Note that the hugely popular designation "Chrom-moly" is a reference to the fact that the steel in question has major alloying elements of Chromium and Molybdenum. 41xx and 43xx alloy steels can and frequently are both refereed to as "Chrom-Moly Steel", though obviously the 43xx also has significant Nickel added.

The Definitions

When researching, designing, or discussing any fabrication project that uses steel, you may find the flowing definitions of the properties of various steels useful.

Annealing - Applies normally to softening by changing the microstructure and is a term used to describe the heating and cooling cycle of metals in the solid state. The term annealing usually implies relatively slow cooling in carbon and alloy steels. The more important purposes for which steel is annealed are as follows: To remove stresses; to induce softness; to alter ductility, toughness, or electric, magnetic or other physical and mechanical properties; to change the crystalline structure; and to produce a definite microstructure.

Plastic Deformation - Deformation of a material that will remain permanent after removal of the load which caused it.

Quenching & tempering - procedure consisting of heating the material to the proper temperature, holding at that temperature for a sufficient time to effect the desired change in crystalline structure, and quenching in a suitable medium - water, oil or air depending on the chemical composition. After quenching, the material is reheated to a predetermined temperature below the critical range and then cooled under suitable temperatures (tempering).

Stiffness – the ability to resist deformation under load.

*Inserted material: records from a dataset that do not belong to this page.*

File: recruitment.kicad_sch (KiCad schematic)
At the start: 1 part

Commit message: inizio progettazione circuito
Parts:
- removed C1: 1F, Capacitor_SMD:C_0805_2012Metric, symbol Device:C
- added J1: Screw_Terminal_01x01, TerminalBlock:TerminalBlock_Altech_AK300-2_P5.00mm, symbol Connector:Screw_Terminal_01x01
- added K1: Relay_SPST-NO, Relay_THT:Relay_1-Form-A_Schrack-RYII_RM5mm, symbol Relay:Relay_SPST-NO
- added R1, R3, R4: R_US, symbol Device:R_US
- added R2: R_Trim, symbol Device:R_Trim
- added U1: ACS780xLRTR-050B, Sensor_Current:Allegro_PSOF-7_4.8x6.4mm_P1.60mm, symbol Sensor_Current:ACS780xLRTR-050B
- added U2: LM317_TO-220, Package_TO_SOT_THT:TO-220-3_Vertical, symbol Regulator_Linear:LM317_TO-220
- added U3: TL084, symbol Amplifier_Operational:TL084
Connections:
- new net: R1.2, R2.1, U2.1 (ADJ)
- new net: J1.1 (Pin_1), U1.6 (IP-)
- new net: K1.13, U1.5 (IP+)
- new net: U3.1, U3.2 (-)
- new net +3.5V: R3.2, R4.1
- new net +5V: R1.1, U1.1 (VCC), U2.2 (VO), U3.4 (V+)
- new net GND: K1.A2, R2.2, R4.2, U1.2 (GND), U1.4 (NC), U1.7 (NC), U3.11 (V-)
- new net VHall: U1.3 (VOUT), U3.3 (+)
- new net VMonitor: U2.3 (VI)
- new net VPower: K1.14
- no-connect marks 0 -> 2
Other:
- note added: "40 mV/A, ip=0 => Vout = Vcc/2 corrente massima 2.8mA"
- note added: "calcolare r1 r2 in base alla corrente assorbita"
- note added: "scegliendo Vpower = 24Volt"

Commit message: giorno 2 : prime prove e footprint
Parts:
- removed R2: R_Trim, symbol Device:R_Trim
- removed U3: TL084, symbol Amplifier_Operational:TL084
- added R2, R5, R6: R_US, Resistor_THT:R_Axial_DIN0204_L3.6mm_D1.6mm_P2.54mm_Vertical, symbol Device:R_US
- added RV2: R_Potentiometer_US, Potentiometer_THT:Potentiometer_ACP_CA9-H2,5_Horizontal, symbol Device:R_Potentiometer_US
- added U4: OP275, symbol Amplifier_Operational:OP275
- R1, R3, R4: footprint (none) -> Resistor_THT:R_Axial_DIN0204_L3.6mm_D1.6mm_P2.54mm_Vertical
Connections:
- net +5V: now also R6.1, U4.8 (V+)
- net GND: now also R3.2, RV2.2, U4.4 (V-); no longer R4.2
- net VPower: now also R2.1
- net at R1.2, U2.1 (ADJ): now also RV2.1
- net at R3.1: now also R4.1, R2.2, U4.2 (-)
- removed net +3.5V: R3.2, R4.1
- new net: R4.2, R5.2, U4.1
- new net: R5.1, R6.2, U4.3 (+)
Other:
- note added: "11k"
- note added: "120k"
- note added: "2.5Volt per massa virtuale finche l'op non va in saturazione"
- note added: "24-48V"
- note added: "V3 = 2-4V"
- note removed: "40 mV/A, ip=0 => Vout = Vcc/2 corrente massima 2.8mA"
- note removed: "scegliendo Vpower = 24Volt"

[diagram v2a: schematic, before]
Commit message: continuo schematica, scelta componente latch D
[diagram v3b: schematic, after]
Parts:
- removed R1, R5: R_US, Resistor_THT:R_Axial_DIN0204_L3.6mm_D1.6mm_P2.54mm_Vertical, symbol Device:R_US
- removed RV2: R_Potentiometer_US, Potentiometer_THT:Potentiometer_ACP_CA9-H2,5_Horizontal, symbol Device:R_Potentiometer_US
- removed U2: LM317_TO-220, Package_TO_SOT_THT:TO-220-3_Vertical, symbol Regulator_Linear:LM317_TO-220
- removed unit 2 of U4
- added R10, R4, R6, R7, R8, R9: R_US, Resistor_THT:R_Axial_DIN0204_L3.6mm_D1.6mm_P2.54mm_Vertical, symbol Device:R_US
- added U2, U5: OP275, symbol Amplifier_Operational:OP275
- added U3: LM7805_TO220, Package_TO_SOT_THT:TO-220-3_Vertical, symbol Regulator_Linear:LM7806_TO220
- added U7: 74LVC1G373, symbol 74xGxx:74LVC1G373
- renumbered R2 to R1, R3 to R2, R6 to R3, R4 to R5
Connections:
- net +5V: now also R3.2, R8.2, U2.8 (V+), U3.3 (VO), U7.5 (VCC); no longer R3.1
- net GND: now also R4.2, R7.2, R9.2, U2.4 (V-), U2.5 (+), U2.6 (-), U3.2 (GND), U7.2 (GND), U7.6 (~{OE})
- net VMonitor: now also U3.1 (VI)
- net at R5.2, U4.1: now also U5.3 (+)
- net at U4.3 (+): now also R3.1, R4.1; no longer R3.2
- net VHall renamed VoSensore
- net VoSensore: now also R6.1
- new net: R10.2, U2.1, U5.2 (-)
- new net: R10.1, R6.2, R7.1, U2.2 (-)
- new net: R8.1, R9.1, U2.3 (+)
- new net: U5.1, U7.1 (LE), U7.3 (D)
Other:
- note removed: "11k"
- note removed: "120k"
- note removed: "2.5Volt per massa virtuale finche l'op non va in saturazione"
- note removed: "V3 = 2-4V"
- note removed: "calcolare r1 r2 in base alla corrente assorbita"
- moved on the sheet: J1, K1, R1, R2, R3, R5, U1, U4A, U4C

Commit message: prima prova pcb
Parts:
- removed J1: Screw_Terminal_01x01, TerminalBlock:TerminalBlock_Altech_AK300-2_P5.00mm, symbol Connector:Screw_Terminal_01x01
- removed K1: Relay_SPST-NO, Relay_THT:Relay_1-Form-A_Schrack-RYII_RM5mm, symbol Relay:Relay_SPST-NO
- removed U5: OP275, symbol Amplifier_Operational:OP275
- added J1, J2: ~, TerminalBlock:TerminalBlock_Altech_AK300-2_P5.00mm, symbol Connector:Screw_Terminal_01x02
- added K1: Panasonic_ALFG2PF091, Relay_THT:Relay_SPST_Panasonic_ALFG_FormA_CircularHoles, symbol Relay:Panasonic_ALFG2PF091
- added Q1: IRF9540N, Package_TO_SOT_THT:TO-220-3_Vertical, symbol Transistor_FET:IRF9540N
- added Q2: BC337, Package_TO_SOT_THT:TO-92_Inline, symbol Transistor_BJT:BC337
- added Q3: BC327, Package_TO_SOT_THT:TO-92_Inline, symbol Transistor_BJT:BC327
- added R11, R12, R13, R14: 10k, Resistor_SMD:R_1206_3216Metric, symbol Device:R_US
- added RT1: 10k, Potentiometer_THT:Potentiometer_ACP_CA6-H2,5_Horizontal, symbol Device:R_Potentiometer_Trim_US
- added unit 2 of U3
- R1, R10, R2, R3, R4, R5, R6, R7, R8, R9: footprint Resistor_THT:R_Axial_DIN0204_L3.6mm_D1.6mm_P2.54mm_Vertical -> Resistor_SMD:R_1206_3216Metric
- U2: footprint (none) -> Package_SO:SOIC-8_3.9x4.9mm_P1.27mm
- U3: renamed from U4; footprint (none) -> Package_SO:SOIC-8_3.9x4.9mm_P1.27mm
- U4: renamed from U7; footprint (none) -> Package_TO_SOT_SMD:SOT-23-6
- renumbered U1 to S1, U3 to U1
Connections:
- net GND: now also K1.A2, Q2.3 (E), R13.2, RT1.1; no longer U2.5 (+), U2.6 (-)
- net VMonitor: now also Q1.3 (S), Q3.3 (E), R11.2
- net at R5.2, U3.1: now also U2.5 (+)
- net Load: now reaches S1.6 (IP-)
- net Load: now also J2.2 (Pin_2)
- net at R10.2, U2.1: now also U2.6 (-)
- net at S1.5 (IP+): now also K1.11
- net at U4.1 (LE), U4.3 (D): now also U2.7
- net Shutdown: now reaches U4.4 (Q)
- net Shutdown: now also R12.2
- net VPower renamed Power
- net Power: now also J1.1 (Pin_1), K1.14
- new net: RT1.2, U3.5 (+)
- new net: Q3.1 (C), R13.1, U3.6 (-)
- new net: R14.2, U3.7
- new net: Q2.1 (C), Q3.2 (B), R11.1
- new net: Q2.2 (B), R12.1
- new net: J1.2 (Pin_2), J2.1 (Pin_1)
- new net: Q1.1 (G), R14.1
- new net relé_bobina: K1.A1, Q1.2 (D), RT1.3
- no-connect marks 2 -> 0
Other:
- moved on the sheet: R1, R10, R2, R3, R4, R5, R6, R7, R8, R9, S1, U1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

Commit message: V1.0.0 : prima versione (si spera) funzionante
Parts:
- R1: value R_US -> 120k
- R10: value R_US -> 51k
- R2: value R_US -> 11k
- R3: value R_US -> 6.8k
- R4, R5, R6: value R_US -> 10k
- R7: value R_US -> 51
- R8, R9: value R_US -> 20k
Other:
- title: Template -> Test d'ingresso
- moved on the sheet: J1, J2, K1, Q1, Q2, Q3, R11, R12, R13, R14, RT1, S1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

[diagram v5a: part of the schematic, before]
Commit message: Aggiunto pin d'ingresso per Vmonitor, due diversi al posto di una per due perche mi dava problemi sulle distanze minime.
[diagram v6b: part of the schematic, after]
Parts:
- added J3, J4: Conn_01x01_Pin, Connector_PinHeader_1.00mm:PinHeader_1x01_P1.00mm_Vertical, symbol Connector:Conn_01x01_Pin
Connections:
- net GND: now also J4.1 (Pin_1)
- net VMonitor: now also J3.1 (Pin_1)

Strength - the ability to resist an external force or load, without deforming, breaking, or rupturing. Technically we say a material’s strength is the greatest stress it can endure without rupturing. There are many specific kinds of strength, from tensile, compressive, and shear to complicated combinations such as torsional and bending.

Stress - a force or load applied, divided by how big the part is (i.e. force per unit of cross sectional area) measured in pounds per square inch, or PSI.

Strain - a change in shape or dimension in response to a stress, usually expressed in percent elongation.

Toughness – The ability of a metal to absorb energy and deform plastically before fracturing. It is usually measured by the energy absorbed in an impact test.

Hardness – is the property of resisting penetration. Normally, the hardness of steel varies in direct proportion to its strength – the harder it is, the stronger it is, and vice-versa.

Brittleness – is the tendency of a material to fracture without changing shape. Hardness and brittleness are closely related. The harder (and therefore stronger) a metal is, the more brittle it is likely to be. Materials that are too brittle will have very poor shock load resistance.

Malleability – is the opposite of brittleness. The more malleable a material, the more readily it can be bent or otherwise permanently distorted. As hardness was closely related to strength, so then is malleability. Generally, the more malleable a metal, the weaker it is.

Ductility – much like malleability, ductility is the ability of the material to be drawn (stretched out) into thin sections without breaking. The harder and stronger a metal is, the less ductile, and vice versa.

Yield Strength - The point at which a material exhibits a strain increase without increase in stress. This is the load at which a material has exceeded its elastic limit and becomes permanently deformed. Stress corresponding to some fixed permanent deformation such as .1 or.2% offset from the modulus or elastic slope.